## Instructions to follow
How do the lines below between the ones holding "#26=CARTESIAN_POINT('',(0.,16.51,57.15));" and "#47=VERTEX_POINT('',#46);", inclusive, read? Give them again exactly, with no other lines.

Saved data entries

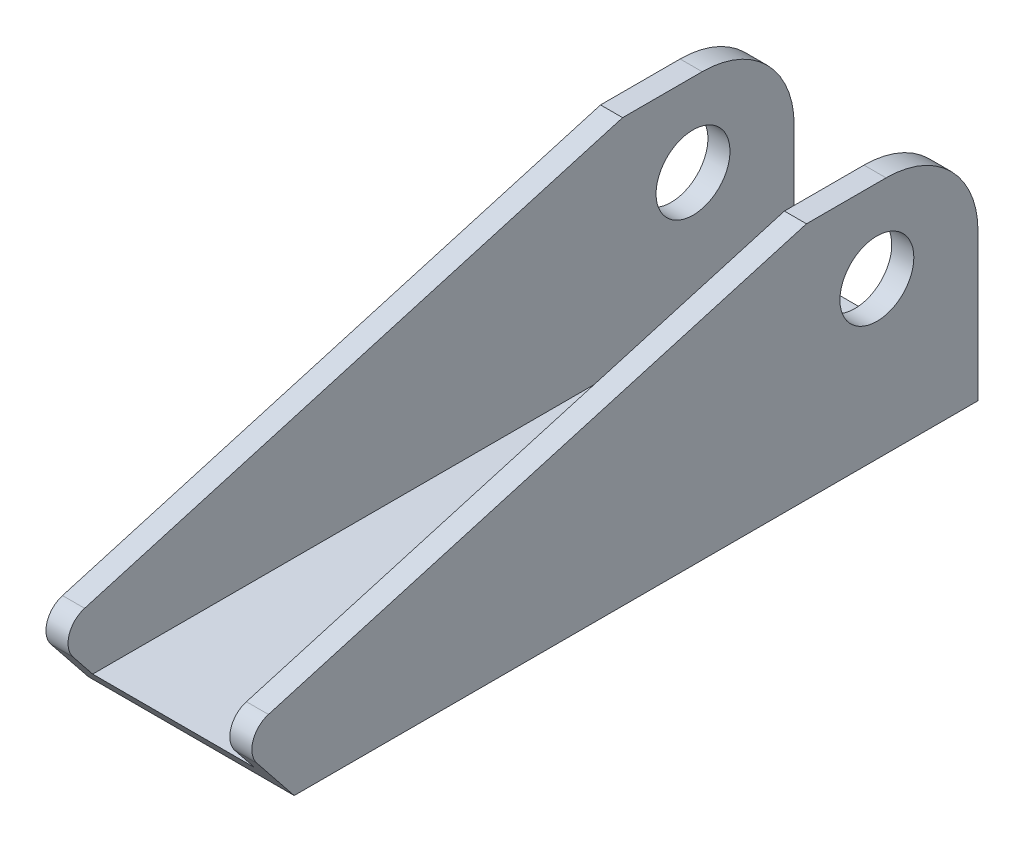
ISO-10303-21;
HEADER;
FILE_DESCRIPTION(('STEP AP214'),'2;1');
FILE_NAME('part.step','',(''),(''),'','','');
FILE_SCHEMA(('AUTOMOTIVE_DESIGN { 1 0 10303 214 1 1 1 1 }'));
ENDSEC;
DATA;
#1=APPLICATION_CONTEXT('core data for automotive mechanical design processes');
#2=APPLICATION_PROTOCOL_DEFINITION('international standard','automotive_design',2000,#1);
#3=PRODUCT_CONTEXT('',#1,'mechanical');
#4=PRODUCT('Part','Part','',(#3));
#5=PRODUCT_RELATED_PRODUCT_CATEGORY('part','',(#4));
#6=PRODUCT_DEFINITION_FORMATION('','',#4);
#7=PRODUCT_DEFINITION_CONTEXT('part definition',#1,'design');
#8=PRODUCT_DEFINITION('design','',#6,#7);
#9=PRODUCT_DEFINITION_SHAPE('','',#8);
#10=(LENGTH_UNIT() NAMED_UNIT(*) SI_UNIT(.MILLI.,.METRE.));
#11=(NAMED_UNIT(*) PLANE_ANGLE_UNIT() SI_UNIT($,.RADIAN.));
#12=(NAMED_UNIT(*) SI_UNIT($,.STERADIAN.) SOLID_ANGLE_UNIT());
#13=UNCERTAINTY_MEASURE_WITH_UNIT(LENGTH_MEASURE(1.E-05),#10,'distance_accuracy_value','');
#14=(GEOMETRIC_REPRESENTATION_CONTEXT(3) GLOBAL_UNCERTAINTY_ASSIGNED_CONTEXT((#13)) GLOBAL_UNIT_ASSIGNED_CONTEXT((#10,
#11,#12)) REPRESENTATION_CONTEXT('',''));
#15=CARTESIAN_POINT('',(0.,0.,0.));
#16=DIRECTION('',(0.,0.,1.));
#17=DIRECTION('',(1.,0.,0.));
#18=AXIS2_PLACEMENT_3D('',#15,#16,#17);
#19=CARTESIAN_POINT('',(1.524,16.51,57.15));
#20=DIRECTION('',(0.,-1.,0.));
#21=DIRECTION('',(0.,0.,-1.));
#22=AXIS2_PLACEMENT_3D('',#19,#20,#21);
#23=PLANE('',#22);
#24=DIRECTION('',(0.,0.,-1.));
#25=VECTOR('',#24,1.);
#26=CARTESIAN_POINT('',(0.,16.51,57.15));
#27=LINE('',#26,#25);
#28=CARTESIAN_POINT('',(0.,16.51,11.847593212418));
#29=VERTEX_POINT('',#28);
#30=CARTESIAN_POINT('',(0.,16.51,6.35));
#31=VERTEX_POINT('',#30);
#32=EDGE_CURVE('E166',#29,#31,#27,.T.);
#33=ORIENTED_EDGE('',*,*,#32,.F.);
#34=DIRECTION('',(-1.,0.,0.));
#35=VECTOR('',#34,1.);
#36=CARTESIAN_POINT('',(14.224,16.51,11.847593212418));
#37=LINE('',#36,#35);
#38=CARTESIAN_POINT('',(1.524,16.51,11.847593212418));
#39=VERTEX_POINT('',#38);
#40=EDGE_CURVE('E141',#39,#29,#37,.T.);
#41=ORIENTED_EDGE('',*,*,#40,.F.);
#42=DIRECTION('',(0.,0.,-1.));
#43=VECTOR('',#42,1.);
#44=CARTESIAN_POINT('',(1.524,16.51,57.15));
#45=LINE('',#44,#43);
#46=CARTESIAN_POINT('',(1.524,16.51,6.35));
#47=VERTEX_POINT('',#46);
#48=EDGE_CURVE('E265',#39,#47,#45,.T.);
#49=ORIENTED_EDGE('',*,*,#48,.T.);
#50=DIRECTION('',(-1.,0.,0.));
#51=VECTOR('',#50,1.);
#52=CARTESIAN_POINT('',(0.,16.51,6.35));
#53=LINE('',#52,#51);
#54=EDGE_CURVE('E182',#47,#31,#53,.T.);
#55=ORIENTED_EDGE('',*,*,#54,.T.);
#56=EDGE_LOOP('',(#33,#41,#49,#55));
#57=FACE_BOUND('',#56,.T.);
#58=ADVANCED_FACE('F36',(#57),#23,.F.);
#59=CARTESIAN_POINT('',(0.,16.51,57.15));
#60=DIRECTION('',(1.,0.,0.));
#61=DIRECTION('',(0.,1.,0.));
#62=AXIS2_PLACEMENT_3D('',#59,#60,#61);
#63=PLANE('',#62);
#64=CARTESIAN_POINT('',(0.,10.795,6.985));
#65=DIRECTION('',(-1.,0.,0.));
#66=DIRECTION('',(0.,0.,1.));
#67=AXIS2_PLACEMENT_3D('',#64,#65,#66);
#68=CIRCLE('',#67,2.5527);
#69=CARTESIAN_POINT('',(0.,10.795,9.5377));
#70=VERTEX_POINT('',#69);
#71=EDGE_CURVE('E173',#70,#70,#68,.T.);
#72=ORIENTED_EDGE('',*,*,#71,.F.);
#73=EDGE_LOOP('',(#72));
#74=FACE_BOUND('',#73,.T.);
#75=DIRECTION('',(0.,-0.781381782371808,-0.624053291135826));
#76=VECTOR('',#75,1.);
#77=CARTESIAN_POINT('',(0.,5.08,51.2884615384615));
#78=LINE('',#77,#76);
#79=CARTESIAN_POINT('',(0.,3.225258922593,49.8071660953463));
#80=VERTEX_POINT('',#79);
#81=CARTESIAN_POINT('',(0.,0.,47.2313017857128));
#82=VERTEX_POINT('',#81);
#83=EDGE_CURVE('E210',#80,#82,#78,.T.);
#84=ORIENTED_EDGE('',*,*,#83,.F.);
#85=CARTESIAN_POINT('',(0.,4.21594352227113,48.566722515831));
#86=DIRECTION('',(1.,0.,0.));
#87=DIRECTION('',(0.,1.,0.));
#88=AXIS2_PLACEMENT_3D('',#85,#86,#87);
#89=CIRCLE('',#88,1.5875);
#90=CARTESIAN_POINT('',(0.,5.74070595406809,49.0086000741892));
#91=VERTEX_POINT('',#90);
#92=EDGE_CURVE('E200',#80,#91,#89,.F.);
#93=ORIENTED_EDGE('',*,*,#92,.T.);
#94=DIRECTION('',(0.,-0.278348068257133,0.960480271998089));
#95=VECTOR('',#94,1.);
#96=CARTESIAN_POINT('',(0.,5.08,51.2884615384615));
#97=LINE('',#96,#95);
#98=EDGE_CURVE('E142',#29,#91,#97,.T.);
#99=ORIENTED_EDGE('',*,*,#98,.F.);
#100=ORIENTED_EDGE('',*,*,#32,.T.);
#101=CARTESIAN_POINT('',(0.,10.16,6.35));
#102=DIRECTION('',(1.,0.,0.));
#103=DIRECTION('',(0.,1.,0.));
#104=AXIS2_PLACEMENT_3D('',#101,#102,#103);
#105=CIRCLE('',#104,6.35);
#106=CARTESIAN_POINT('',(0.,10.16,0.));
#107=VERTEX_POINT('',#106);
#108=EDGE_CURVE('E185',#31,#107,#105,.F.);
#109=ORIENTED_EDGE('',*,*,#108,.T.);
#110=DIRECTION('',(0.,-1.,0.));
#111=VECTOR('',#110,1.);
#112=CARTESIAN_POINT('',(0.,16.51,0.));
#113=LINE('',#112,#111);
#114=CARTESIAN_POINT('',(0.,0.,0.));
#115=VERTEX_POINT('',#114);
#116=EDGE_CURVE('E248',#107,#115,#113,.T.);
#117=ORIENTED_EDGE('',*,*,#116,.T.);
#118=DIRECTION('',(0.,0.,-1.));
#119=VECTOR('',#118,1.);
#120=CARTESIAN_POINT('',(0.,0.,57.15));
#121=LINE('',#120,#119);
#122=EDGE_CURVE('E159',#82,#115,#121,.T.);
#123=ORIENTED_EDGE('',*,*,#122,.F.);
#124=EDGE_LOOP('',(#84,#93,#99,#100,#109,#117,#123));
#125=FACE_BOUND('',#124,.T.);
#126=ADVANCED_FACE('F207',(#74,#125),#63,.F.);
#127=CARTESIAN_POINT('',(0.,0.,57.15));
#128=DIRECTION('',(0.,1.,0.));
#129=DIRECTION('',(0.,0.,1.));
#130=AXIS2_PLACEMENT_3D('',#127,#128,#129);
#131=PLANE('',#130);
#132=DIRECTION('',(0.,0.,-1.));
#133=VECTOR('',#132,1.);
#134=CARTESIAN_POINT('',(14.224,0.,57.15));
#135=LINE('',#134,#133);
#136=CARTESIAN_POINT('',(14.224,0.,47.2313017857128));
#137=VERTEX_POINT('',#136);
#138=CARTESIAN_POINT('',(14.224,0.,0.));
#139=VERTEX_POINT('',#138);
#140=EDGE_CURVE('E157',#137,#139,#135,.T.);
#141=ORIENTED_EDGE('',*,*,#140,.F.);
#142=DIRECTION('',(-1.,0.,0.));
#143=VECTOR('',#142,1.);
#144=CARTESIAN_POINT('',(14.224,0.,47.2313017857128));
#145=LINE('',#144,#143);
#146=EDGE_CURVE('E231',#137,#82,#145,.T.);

## Solution to this task
#26=CARTESIAN_POINT('',(0.,16.51,57.15));
#27=LINE('',#26,#25);
#28=CARTESIAN_POINT('',(0.,16.51,11.847593212418));
#29=VERTEX_POINT('',#28);
#30=CARTESIAN_POINT('',(0.,16.51,6.35));
#31=VERTEX_POINT('',#30);
#32=EDGE_CURVE('E166',#29,#31,#27,.T.);
#33=ORIENTED_EDGE('',*,*,#32,.F.);
#34=DIRECTION('',(-1.,0.,0.));
#35=VECTOR('',#34,1.);
#36=CARTESIAN_POINT('',(14.224,16.51,11.847593212418));
#37=LINE('',#36,#35);
#38=CARTESIAN_POINT('',(1.524,16.51,11.847593212418));
#39=VERTEX_POINT('',#38);
#40=EDGE_CURVE('E141',#39,#29,#37,.T.);
#41=ORIENTED_EDGE('',*,*,#40,.F.);
#42=DIRECTION('',(0.,0.,-1.));
#43=VECTOR('',#42,1.);
#44=CARTESIAN_POINT('',(1.524,16.51,57.15));
#45=LINE('',#44,#43);
#46=CARTESIAN_POINT('',(1.524,16.51,6.35));
#47=VERTEX_POINT('',#46);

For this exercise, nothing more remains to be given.